_Exercise_.
Print the data verbatim. Leave every image out.

(Available records)

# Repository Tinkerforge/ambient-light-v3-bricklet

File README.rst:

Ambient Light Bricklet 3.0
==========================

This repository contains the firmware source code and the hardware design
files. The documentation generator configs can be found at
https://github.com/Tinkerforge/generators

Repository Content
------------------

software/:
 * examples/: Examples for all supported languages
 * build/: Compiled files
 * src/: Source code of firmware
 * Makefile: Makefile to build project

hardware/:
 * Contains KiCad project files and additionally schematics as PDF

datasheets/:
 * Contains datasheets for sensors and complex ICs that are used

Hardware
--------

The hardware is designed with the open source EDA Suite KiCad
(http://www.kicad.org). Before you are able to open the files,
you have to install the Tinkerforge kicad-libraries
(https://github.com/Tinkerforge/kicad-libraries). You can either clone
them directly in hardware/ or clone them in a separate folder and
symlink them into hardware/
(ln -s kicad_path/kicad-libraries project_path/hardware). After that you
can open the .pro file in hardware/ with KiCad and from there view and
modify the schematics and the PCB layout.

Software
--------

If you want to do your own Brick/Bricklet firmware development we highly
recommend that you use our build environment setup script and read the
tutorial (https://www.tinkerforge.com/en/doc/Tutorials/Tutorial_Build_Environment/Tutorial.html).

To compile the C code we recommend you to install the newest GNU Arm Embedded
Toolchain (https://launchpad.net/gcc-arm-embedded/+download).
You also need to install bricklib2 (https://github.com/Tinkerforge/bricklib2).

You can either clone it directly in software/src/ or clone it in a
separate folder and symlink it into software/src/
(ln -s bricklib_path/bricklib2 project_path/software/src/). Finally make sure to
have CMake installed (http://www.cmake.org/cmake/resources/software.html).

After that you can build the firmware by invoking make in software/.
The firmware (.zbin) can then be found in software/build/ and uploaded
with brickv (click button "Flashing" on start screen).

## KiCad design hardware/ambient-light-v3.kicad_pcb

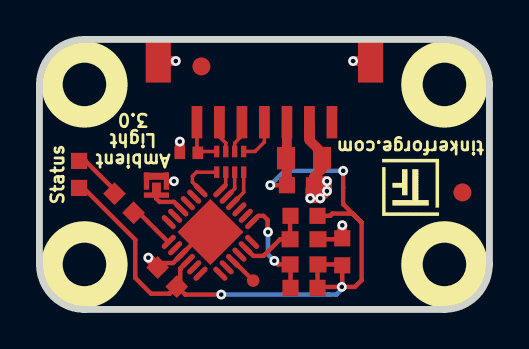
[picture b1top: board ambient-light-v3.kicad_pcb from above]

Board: 2 copper layers, 25.0 x 15.0 mm, 23 parts (2 on the bottom side), 16 nets.

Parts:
C1: 220pF; C0402F
C2, C5: 100nF; C0603F
C3: 10uF; C0805
C4: 1uF; C0603F
D1: blue; D0603F
Fiducial_Mark: VAL**; Fiducial_Mark
Fiducial_Mark#2: VAL**; Fiducial_Mark
P1: CON-SENSOR2
P2: DEBUG; DEBUG_PAD
P3: BOOT; SolderJumper
R1, R2: 2k2; R0603F
R3: 1k; R0603F
RP1: 82; 4X0402
U1: XMC1100; QFN24-4x4mm-0.5mm
U2: LTR-329ALS
U3, U4, U5, U6: DRILL; DRILL_NP
VAL: CE_5mm
VAL#2: WEEE_7mm

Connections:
GND: C1.2, C2.1, C3.2, C4.2, C5.2, P1.2, P1.EP, P3.1, U1.9, U1.EXP, U2.2
unnamed: C1.1, P1.7, RP1.4
unnamed: D1.2, R3.2
unnamed: P1.4, RP1.1
unnamed: P1.5, RP1.2
unnamed: P1.6, RP1.3
unnamed: P2.1, U1.15
unnamed: P3.2, U1.4
unnamed: R3.1, U1.7
S-CLK: RP1.7, U1.23
S-CS: RP1.8, U1.22
S-MISO: RP1.5, U1.1
S-MOSI: RP1.6, U1.24
SCL: R2.2, U1.19, U2.4
SDA: R1.2, U1.17, U2.3
VCC: C2.2, C3.1, C4.1, C5.1, D1.1, P1.3, R1.1, R2.1, U1.10, U2.1

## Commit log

2018-06-22 Add datasheets
2018-06-22 Add schematic
2018-06-22 Add layout
2018-06-22 Rename files to correct version
2018-06-22 Add logos
2018-06-28 Add .gitignore
2018-06-28 Fix readme
2018-07-11 Fix origin
2018-07-27 Add auto-generated stub firmware
2018-10-24 Add LTR329 driver and API implementation
2018-11-07 rust: Accept host names for ip connection, fix naming inconsistencies
2018-11-07 rust: Rename callback receivers.
2018-11-09 specify processor as xmc1100
2018-12-14 Add go examples.
2018-12-14 go: Fix printf parameters.
2018-12-18 go: Change import path.
2018-12-18 go: Change import path again.
2018-12-19 go: Remove temporary file.
2018-12-20 Add examples.
2018-12-20 rust: Reformat examples.
2019-01-24 mqtt: Add examples.
2019-01-24 mqtt: Fix example header.
2019-01-24 mqtt: Remove executable bit in example permissions.
2019-01-24 go: Minor example fixes.
2019-01-24 mqtt: Minor example fixes.
2019-01-28 Make sure bootloader fix is applied
2019-01-28 Remove obsolete TODO
2019-01-28 Add rev for initial release
2019-01-29 add sym table
2019-01-29 add schematic as pdf
2019-01-29 add 3d data
2019-01-29 change 3d data
2019-01-29 Remove in-development marker
2019-03-28 mqtt: Fix whitespace.
2019-05-16 Add LabVIEW examples
2019-05-29 Increase version for new release (changes in bricklib2)
2019-05-29 Add rev to changelog
2019-08-22 c: Adapt to bindings changes
2020-01-13 examples: Use python3 input instead of python2 raw_input.
2020-01-13 examples: mqtt: Remove trailing whitespace.
2020-08-19 Add uc examples.
2020-08-25 uc: Fix whitespace
2020-08-27 uc: Fix warnings.
2020-09-02 uc: Add example driver note.
2020-10-16 uc: Fix divisor type.
2021-10-25 Update KiCad link
    https://www.kicad.org/blog/2021/10/Avoid-links-to-former-kicad-domain/
2022-04-19 examples: uc: Rename TF_HalContext to TF_HAL.
2022-04-27 uc: Adapt to bindings changes
2022-07-06 Add license files.
2025-03-13 Improve robustness of i2c communication
2025-03-13 Add rev for firmware version 2.0.2
2025-10-01 Increase required cmake version

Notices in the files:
hardware/ambient-light-v3.kicad_pcb:
Licensed under CERN OHL v.1.1
Copyright (©) 2015, B.Nordmeyer
Copyright Tinkerforge GmbH 2015.
This documentation describes Open Hardware and is licensed under the
CERN OHL v. 1.1.

(End Available records)

_Response below_.
# Repository Tinkerforge/ambient-light-v3-bricklet

File README.rst:

Ambient Light Bricklet 3.0
==========================

This repository contains the firmware source code and the hardware design
files. The documentation generator configs can be found at
https://github.com/Tinkerforge/generators

Repository Content
------------------

software/:
 * examples/: Examples for all supported languages
 * build/: Compiled files
 * src/: Source code of firmware
 * Makefile: Makefile to build project

hardware/:
 * Contains KiCad project files and additionally schematics as PDF

datasheets/:
 * Contains datasheets for sensors and complex ICs that are used

Hardware
--------

The hardware is designed with the open source EDA Suite KiCad
(http://www.kicad.org). Before you are able to open the files,
you have to install the Tinkerforge kicad-libraries
(https://github.com/Tinkerforge/kicad-libraries). You can either clone
them directly in hardware/ or clone them in a separate folder and
symlink them into hardware/
(ln -s kicad_path/kicad-libraries project_path/hardware). After that you
can open the .pro file in hardware/ with KiCad and from there view and
modify the schematics and the PCB layout.

Software
--------

If you want to do your own Brick/Bricklet firmware development we highly
recommend that you use our build environment setup script and read the
tutorial (https://www.tinkerforge.com/en/doc/Tutorials/Tutorial_Build_Environment/Tutorial.html).

To compile the C code we recommend you to install the newest GNU Arm Embedded
Toolchain (https://launchpad.net/gcc-arm-embedded/+download).
You also need to install bricklib2 (https://github.com/Tinkerforge/bricklib2).

You can either clone it directly in software/src/ or clone it in a
separate folder and symlink it into software/src/
(ln -s bricklib_path/bricklib2 project_path/software/src/). Finally make sure to
have CMake installed (http://www.cmake.org/cmake/resources/software.html).

After that you can build the firmware by invoking make in software/.
The firmware (.zbin) can then be found in software/build/ and uploaded
with brickv (click button "Flashing" on start screen).

## KiCad design hardware/ambient-light-v3.kicad_pcb

[picture b1top: board ambient-light-v3.kicad_pcb from above]

Board: 2 copper layers, 25.0 x 15.0 mm, 23 parts (2 on the bottom side), 16 nets.

Parts:
C1: 220pF; C0402F
C2, C5: 100nF; C0603F
C3: 10uF; C0805
C4: 1uF; C0603F
D1: blue; D0603F
Fiducial_Mark: VAL**; Fiducial_Mark
Fiducial_Mark#2: VAL**; Fiducial_Mark
P1: CON-SENSOR2
P2: DEBUG; DEBUG_PAD
P3: BOOT; SolderJumper
R1, R2: 2k2; R0603F
R3: 1k; R0603F
RP1: 82; 4X0402
U1: XMC1100; QFN24-4x4mm-0.5mm
U2: LTR-329ALS
U3, U4, U5, U6: DRILL; DRILL_NP
VAL: CE_5mm
VAL#2: WEEE_7mm

Connections:
GND: C1.2, C2.1, C3.2, C4.2, C5.2, P1.2, P1.EP, P3.1, U1.9, U1.EXP, U2.2
unnamed: C1.1, P1.7, RP1.4
unnamed: D1.2, R3.2
unnamed: P1.4, RP1.1
unnamed: P1.5, RP1.2
unnamed: P1.6, RP1.3
unnamed: P2.1, U1.15
unnamed: P3.2, U1.4
unnamed: R3.1, U1.7
S-CLK: RP1.7, U1.23
S-CS: RP1.8, U1.22
S-MISO: RP1.5, U1.1
S-MOSI: RP1.6, U1.24
SCL: R2.2, U1.19, U2.4
SDA: R1.2, U1.17, U2.3
VCC: C2.2, C3.1, C4.1, C5.1, D1.1, P1.3, R1.1, R2.1, U1.10, U2.1

## Commit log

2018-06-22 Add datasheets
2018-06-22 Add schematic
2018-06-22 Add layout
2018-06-22 Rename files to correct version
2018-06-22 Add logos
2018-06-28 Add .gitignore
2018-06-28 Fix readme
2018-07-11 Fix origin
2018-07-27 Add auto-generated stub firmware
2018-10-24 Add LTR329 driver and API implementation
2018-11-07 rust: Accept host names for ip connection, fix naming inconsistencies
2018-11-07 rust: Rename callback receivers.
2018-11-09 specify processor as xmc1100
2018-12-14 Add go examples.
2018-12-14 go: Fix printf parameters.
2018-12-18 go: Change import path.
2018-12-18 go: Change import path again.
2018-12-19 go: Remove temporary file.
2018-12-20 Add examples.
2018-12-20 rust: Reformat examples.
2019-01-24 mqtt: Add examples.
2019-01-24 mqtt: Fix example header.
2019-01-24 mqtt: Remove executable bit in example permissions.
2019-01-24 go: Minor example fixes.
2019-01-24 mqtt: Minor example fixes.
2019-01-28 Make sure bootloader fix is applied
2019-01-28 Remove obsolete TODO
2019-01-28 Add rev for initial release
2019-01-29 add sym table
2019-01-29 add schematic as pdf
2019-01-29 add 3d data
2019-01-29 change 3d data
2019-01-29 Remove in-development marker
2019-03-28 mqtt: Fix whitespace.
2019-05-16 Add LabVIEW examples
2019-05-29 Increase version for new release (changes in bricklib2)
2019-05-29 Add rev to changelog
2019-08-22 c: Adapt to bindings changes
2020-01-13 examples: Use python3 input instead of python2 raw_input.
2020-01-13 examples: mqtt: Remove trailing whitespace.
2020-08-19 Add uc examples.
2020-08-25 uc: Fix whitespace
2020-08-27 uc: Fix warnings.
2020-09-02 uc: Add example driver note.
2020-10-16 uc: Fix divisor type.
2021-10-25 Update KiCad link
    https://www.kicad.org/blog/2021/10/Avoid-links-to-former-kicad-domain/
2022-04-19 examples: uc: Rename TF_HalContext to TF_HAL.
2022-04-27 uc: Adapt to bindings changes
2022-07-06 Add license files.
2025-03-13 Improve robustness of i2c communication
2025-03-13 Add rev for firmware version 2.0.2
2025-10-01 Increase required cmake version

Notices in the files:
hardware/ambient-light-v3.kicad_pcb:
Licensed under CERN OHL v.1.1
Copyright (©) 2015, B.Nordmeyer
Copyright Tinkerforge GmbH 2015.
This documentation describes Open Hardware and is licensed under the
CERN OHL v. 1.1.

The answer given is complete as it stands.